» YOUR OBJECTIVE:
The material below contains a line with "#5517 = VERTEX_POINT ( 'NONE', #73 ) ;" and a line with "#7537 = ADVANCED_FACE". Copy exactly those two lines and all lines between them.
──────────
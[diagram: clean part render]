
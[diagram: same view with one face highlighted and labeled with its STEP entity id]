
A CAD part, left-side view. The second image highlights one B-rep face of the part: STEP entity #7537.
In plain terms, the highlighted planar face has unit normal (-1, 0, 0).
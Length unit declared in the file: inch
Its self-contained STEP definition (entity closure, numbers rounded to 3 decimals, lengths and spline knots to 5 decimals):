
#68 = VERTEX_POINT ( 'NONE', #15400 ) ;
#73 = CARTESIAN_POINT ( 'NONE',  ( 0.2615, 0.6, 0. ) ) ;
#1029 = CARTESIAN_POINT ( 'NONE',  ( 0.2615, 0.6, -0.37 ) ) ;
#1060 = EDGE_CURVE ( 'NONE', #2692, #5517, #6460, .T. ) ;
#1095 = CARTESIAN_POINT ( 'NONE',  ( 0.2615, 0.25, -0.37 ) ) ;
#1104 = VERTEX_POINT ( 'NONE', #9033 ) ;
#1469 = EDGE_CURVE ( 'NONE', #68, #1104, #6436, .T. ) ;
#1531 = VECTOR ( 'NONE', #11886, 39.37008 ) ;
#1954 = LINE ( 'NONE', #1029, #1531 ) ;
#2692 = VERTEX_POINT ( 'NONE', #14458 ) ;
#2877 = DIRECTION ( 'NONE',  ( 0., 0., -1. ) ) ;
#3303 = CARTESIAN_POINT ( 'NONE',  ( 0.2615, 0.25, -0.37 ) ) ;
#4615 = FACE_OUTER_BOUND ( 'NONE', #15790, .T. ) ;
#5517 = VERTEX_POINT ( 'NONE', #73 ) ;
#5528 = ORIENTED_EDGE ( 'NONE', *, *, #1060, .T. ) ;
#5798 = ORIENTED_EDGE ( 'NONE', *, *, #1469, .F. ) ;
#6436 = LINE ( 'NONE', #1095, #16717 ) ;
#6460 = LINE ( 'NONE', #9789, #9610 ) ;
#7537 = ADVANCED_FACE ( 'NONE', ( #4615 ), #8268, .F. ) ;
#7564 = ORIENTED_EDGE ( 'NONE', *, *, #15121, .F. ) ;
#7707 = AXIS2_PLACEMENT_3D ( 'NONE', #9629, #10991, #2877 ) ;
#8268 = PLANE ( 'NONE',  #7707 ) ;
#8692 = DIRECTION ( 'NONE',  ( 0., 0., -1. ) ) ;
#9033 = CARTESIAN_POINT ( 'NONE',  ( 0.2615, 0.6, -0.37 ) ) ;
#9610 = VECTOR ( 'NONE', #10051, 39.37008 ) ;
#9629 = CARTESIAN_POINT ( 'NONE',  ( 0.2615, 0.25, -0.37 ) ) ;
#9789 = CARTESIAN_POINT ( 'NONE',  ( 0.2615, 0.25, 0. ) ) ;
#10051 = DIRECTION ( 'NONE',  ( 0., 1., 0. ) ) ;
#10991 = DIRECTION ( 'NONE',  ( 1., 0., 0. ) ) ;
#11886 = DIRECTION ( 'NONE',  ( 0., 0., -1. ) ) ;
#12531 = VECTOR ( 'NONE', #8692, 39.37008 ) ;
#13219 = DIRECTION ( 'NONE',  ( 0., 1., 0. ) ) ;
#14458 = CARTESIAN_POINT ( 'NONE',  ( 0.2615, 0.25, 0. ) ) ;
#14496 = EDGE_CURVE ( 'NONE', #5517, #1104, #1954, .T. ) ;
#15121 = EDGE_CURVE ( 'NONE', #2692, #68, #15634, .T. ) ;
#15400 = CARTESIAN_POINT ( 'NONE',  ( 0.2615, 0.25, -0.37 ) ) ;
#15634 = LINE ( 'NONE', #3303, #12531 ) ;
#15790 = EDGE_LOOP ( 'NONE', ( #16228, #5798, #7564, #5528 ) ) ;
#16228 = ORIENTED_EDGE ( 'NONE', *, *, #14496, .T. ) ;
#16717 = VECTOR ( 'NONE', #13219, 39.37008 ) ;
──────────
» EXERCISE ANSWER:
#5517 = VERTEX_POINT ( 'NONE', #73 ) ;
#5528 = ORIENTED_EDGE ( 'NONE', *, *, #1060, .T. ) ;
#5798 = ORIENTED_EDGE ( 'NONE', *, *, #1469, .F. ) ;
#6436 = LINE ( 'NONE', #1095, #16717 ) ;
#6460 = LINE ( 'NONE', #9789, #9610 ) ;
#7537 = ADVANCED_FACE ( 'NONE', ( #4615 ), #8268, .F. ) ;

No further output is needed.